Hachu Holiday: Bertahan Hidup di Pulau Sempu

Ini perjalanan paling nggak ada persiapannya, paling melelahkan, dan paling terasa banget 'anak alamnya' buat gue. Tapi paling tak terlupakan.

Memang perjalanan ke Pulau Sempu ini udah direncanakan sejak jauh-jauh hari. Tapi orang-orang yang mau ikut lama-lama berguguran karena ada kepentingan yang ga bisa ditinggal. Akhirnya tersisalah kita berempat; Gue, Niken, Halim, Shinta. Malamnya sebelum berangkat, kita semua ragu kalau besok harus berangkat. Janjinya berkumpul jam 6, ternyata Jam 6 lewat baru pada bangun dan setelah berberes, mandi, sarapan dan lainnya, akhirnya kita berangkat jam 8:45 pagi.






Perjalanan dari Malang ke Pantai Sendang Biru membutuhkan waktu sekitar 1,5 - 2 jam. Saya sampai di Pantai Sendang Biru sekitar pukul 10:45. Untuk masuk Sendang Biru kita wajib membeli tiket seharga Rp. 7000/orang dan juga kita harus mengurus surat izin untuk menuju Pulau Sempu. Di tempat mengurus surat itu kita akan diberitahu apakah kita boleh bermalam atau tidak. Untuk menyebrang ke Pulau Sempu, kita harus menyewa kapal + guidenya seharga Rp. 200.000.

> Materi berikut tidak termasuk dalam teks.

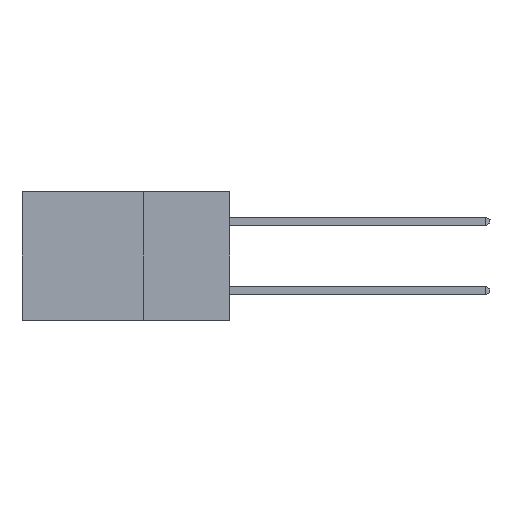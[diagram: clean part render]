
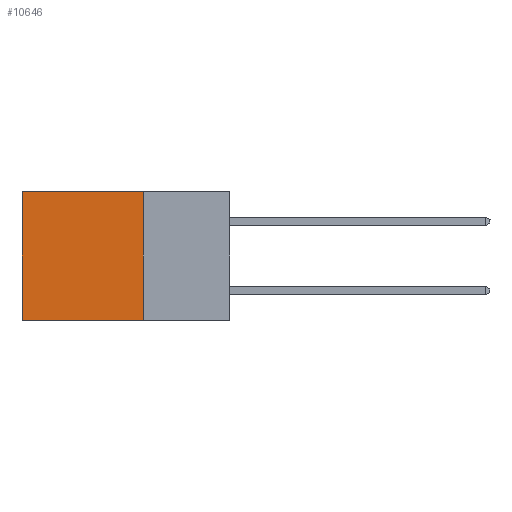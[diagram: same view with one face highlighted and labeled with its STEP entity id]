
A CAD part, left-side view. The second image highlights one B-rep face of the part: STEP entity #10646.
In plain terms, the highlighted planar face has unit normal (-1, 0, 0).
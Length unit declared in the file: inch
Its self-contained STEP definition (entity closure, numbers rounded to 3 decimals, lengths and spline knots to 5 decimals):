
#129 = ORIENTED_EDGE ( 'NONE', *, *, #15750, .T. ) ;
#265 = CARTESIAN_POINT ( 'NONE',  ( 0.298, 0.6, -0.37 ) ) ;
#672 = DIRECTION ( 'NONE',  ( 0., 1., 0. ) ) ;
#933 = EDGE_CURVE ( 'NONE', #4860, #10652, #14039, .T. ) ;
#1235 = EDGE_CURVE ( 'NONE', #19760, #15913, #16274, .T. ) ;
#1560 = VECTOR ( 'NONE', #5833, 39.37008 ) ;
#1700 = ORIENTED_EDGE ( 'NONE', *, *, #1235, .T. ) ;
#1740 = EDGE_LOOP ( 'NONE', ( #129, #7702, #10212, #1700 ) ) ;
#1744 = PLANE ( 'NONE',  #7239 ) ;
#2577 = FACE_OUTER_BOUND ( 'NONE', #1740, .T. ) ;
#4210 = CARTESIAN_POINT ( 'NONE',  ( 0.298, 0.6, 0. ) ) ;
#4860 = VERTEX_POINT ( 'NONE', #8236 ) ;
#5114 = DIRECTION ( 'NONE',  ( 1., 0., 0. ) ) ;
#5833 = DIRECTION ( 'NONE',  ( 0., 0., -1. ) ) ;
#7239 = AXIS2_PLACEMENT_3D ( 'NONE', #14682, #5114, #16324 ) ;
#7310 = EDGE_CURVE ( 'NONE', #19760, #4860, #12825, .T. ) ;
#7686 = DIRECTION ( 'NONE',  ( 0., 0., -1. ) ) ;
#7702 = ORIENTED_EDGE ( 'NONE', *, *, #933, .F. ) ;
#8236 = CARTESIAN_POINT ( 'NONE',  ( 0.298, 0.25, -0.37 ) ) ;
#8748 = VECTOR ( 'NONE', #672, 39.37008 ) ;
#9031 = CARTESIAN_POINT ( 'NONE',  ( 0.298, 0.25, 0. ) ) ;
#10212 = ORIENTED_EDGE ( 'NONE', *, *, #7310, .F. ) ;
#10453 = CARTESIAN_POINT ( 'NONE',  ( 0.298, 0.25, -0.37 ) ) ;
#10646 = ADVANCED_FACE ( 'NONE', ( #2577 ), #1744, .F. ) ;
#10652 = VERTEX_POINT ( 'NONE', #265 ) ;
#12825 = LINE ( 'NONE', #9031, #15336 ) ;
#13350 = CARTESIAN_POINT ( 'NONE',  ( 0.298, 0.25, 0. ) ) ;
#13620 = DIRECTION ( 'NONE',  ( 0., 1., 0. ) ) ;
#14039 = LINE ( 'NONE', #10453, #8748 ) ;
#14682 = CARTESIAN_POINT ( 'NONE',  ( 0.298, 0.25, 0. ) ) ;
#15336 = VECTOR ( 'NONE', #7686, 39.37008 ) ;
#15750 = EDGE_CURVE ( 'NONE', #15913, #10652, #19718, .T. ) ;
#15913 = VERTEX_POINT ( 'NONE', #18581 ) ;
#16274 = LINE ( 'NONE', #13350, #17072 ) ;
#16324 = DIRECTION ( 'NONE',  ( 0., 0., -1. ) ) ;
#17072 = VECTOR ( 'NONE', #13620, 39.37008 ) ;
#18581 = CARTESIAN_POINT ( 'NONE',  ( 0.298, 0.6, 0. ) ) ;
#19644 = CARTESIAN_POINT ( 'NONE',  ( 0.298, 0.25, 0. ) ) ;
#19718 = LINE ( 'NONE', #4210, #1560 ) ;
#19760 = VERTEX_POINT ( 'NONE', #19644 ) ;

Sebelum menyebrang, kita foto dulu sekali. Ingetin ya bentuk dan rupa kita seperti apa saat berangkat. Ganteng-ganteng, cantik-cantik. Oke kita menyebrang ke Pulau Sempu sekarang!


Untuk menyebrang ke pulau sempu hanya butuh waktu sekitar 10-15 menit dari Sendang Biru. Sesampainya di sana, sudah ada rombongan yang menunggu kapal untuk balik ke Sendang Biru.
Akhirnya kita jalan menuju surga tersembunyi. Awal perjalanan terasa tidak terlalu sulit, jalan setapak masih kering, walau beberapa ada genangan air, lumpur, dan beberapa batang pohon besar yang tumbang. Seperti biasa, tiap jalan-jalan, tugas saya adalah menghafal jalan. Karena pulangnya, kita nggak mau pakai guide lagi. Lumayan kan 100ribu bisa buat beli paket internet dua minggu. Saya menghapal jalan sepanjang perjalanan, merhatiin ciri-ciri jalanan dan sekitarnya. Susah banget karena ada beberapa cabang yang mungkin bikin kita tersasar.



Di tengah perjalanan, guidenya banyak cerita tentang pulau ini. Sambil nakut-nakutin kita (gue nangkepnya sih gitu. Supaya kita pake jasa guide itu lagi pas pulang). Perjalanan sudah 20 menit, jalan kelak-kelok, naik-turun, sudah banyak kita lewati. Shinta mulai mengeluh kelelahan. Halim ada di paling belakang karena beban yang dibawa cukup berat. Saya paling depan bersama guide dibuntuti oleh Niken. Guidenya bilang kalau sering ada yang hilang di Pulau ini karena tersasar saat pulang. Paling lama pencarian sampai 4 hari 3 malam baru ketemu. Dan habis biaya sekitar 7juta untuk mencari. Orang yang mencari pun tidak bisa banyak, apalagi kalau malam. Paling hanya bisa 3-4 orang saja. Begitu katanya. Perjalanan sudah satu jam, belum juga sampai di 'Surga tersembunyi' itu, kita mulai kelelahan dan berkeringat, tapi kita tidak pernah berhenti dan terus jalan. Sambil bernyanyi dan berlagak seperti di film Petualangan Sherina, kita menghibur diri.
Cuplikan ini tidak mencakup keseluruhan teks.